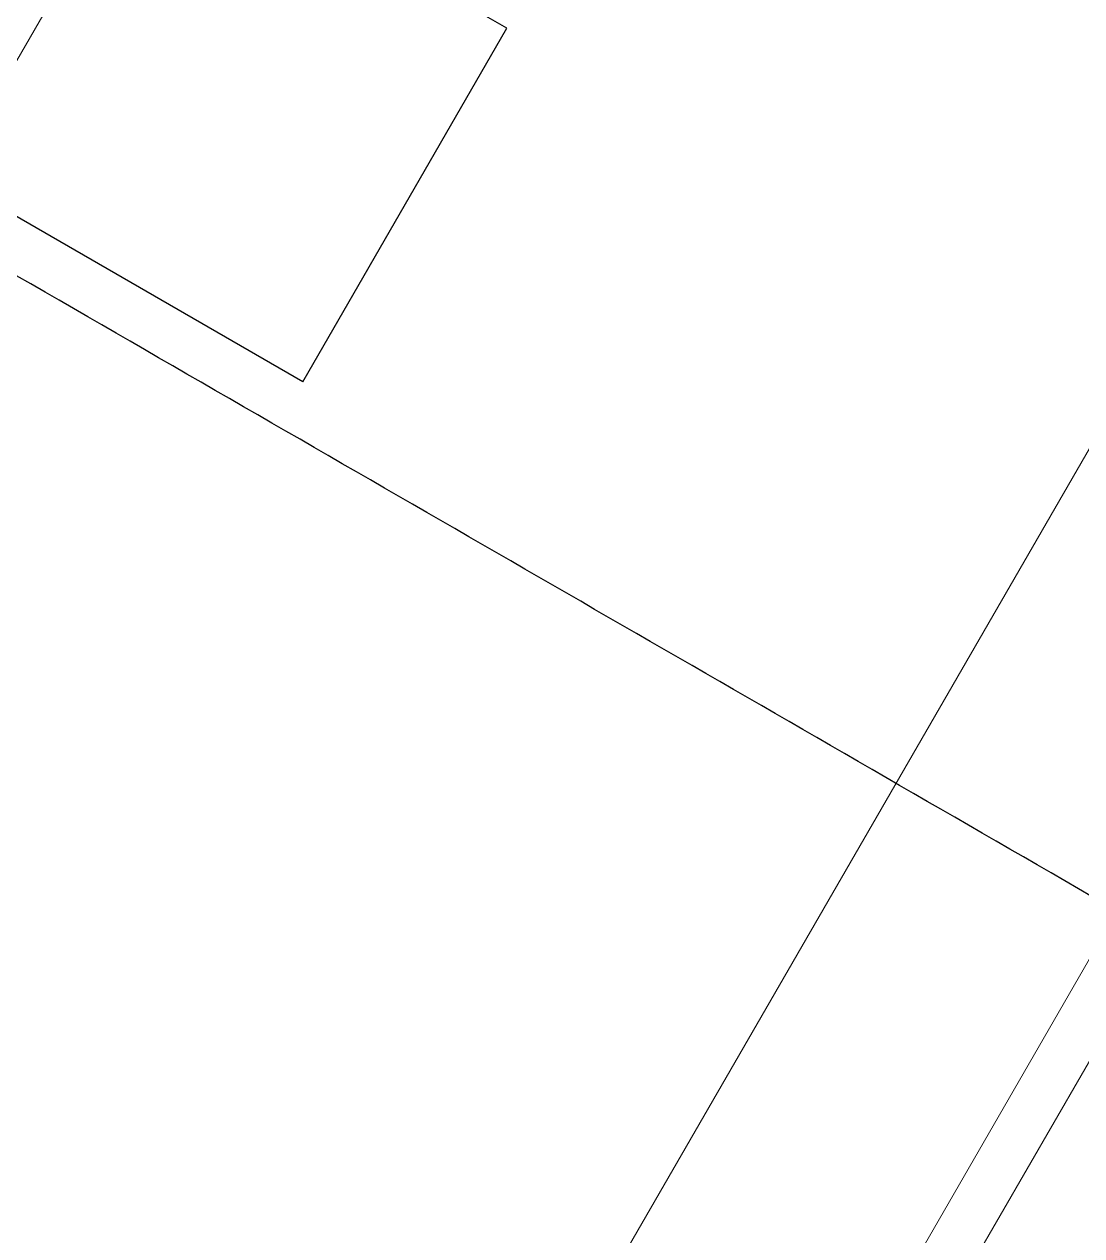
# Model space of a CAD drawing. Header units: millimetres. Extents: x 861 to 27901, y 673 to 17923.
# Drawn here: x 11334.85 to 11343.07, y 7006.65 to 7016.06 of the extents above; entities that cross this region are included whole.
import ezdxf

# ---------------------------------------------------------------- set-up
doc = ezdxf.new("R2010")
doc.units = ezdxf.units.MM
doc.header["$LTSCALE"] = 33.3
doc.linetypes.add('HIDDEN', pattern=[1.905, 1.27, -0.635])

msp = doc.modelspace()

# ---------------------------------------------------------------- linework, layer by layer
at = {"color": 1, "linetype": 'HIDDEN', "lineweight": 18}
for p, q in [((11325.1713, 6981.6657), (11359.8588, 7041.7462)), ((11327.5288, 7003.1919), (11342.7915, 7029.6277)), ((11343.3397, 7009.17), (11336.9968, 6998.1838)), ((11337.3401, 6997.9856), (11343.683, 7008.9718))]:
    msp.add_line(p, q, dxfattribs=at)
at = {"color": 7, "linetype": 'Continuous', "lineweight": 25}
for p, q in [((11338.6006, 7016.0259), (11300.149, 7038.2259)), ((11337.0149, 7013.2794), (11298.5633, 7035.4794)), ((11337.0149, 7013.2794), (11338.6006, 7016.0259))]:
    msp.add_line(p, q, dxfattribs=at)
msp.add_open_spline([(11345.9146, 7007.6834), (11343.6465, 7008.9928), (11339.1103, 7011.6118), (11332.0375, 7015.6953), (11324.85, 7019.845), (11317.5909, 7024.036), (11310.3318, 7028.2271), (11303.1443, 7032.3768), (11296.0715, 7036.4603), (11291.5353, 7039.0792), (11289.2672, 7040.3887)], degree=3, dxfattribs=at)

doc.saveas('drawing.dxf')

----------

EXERCISE INSTRUCTIONS
Return the full listing above verbatim, please, but without its images.

ANSWER SECTION
# Model space of a CAD drawing. Header units: millimetres. Extents: x 861 to 27901, y 673 to 17923.
# Drawn here: x 11334.85 to 11343.07, y 7006.65 to 7016.06 of the extents above; entities that cross this region are included whole.
import ezdxf

# ---------------------------------------------------------------- set-up
doc = ezdxf.new("R2010")
doc.units = ezdxf.units.MM
doc.header["$LTSCALE"] = 33.3
doc.linetypes.add('HIDDEN', pattern=[1.905, 1.27, -0.635])

msp = doc.modelspace()

# ---------------------------------------------------------------- linework, layer by layer
at = {"color": 1, "linetype": 'HIDDEN', "lineweight": 18}
for p, q in [((11325.1713, 6981.6657), (11359.8588, 7041.7462)), ((11327.5288, 7003.1919), (11342.7915, 7029.6277)), ((11343.3397, 7009.17), (11336.9968, 6998.1838)), ((11337.3401, 6997.9856), (11343.683, 7008.9718))]:
    msp.add_line(p, q, dxfattribs=at)
at = {"color": 7, "linetype": 'Continuous', "lineweight": 25}
for p, q in [((11338.6006, 7016.0259), (11300.149, 7038.2259)), ((11337.0149, 7013.2794), (11298.5633, 7035.4794)), ((11337.0149, 7013.2794), (11338.6006, 7016.0259))]:
    msp.add_line(p, q, dxfattribs=at)
msp.add_open_spline([(11345.9146, 7007.6834), (11343.6465, 7008.9928), (11339.1103, 7011.6118), (11332.0375, 7015.6953), (11324.85, 7019.845), (11317.5909, 7024.036), (11310.3318, 7028.2271), (11303.1443, 7032.3768), (11296.0715, 7036.4603), (11291.5353, 7039.0792), (11289.2672, 7040.3887)], degree=3, dxfattribs=at)

doc.saveas('drawing.dxf')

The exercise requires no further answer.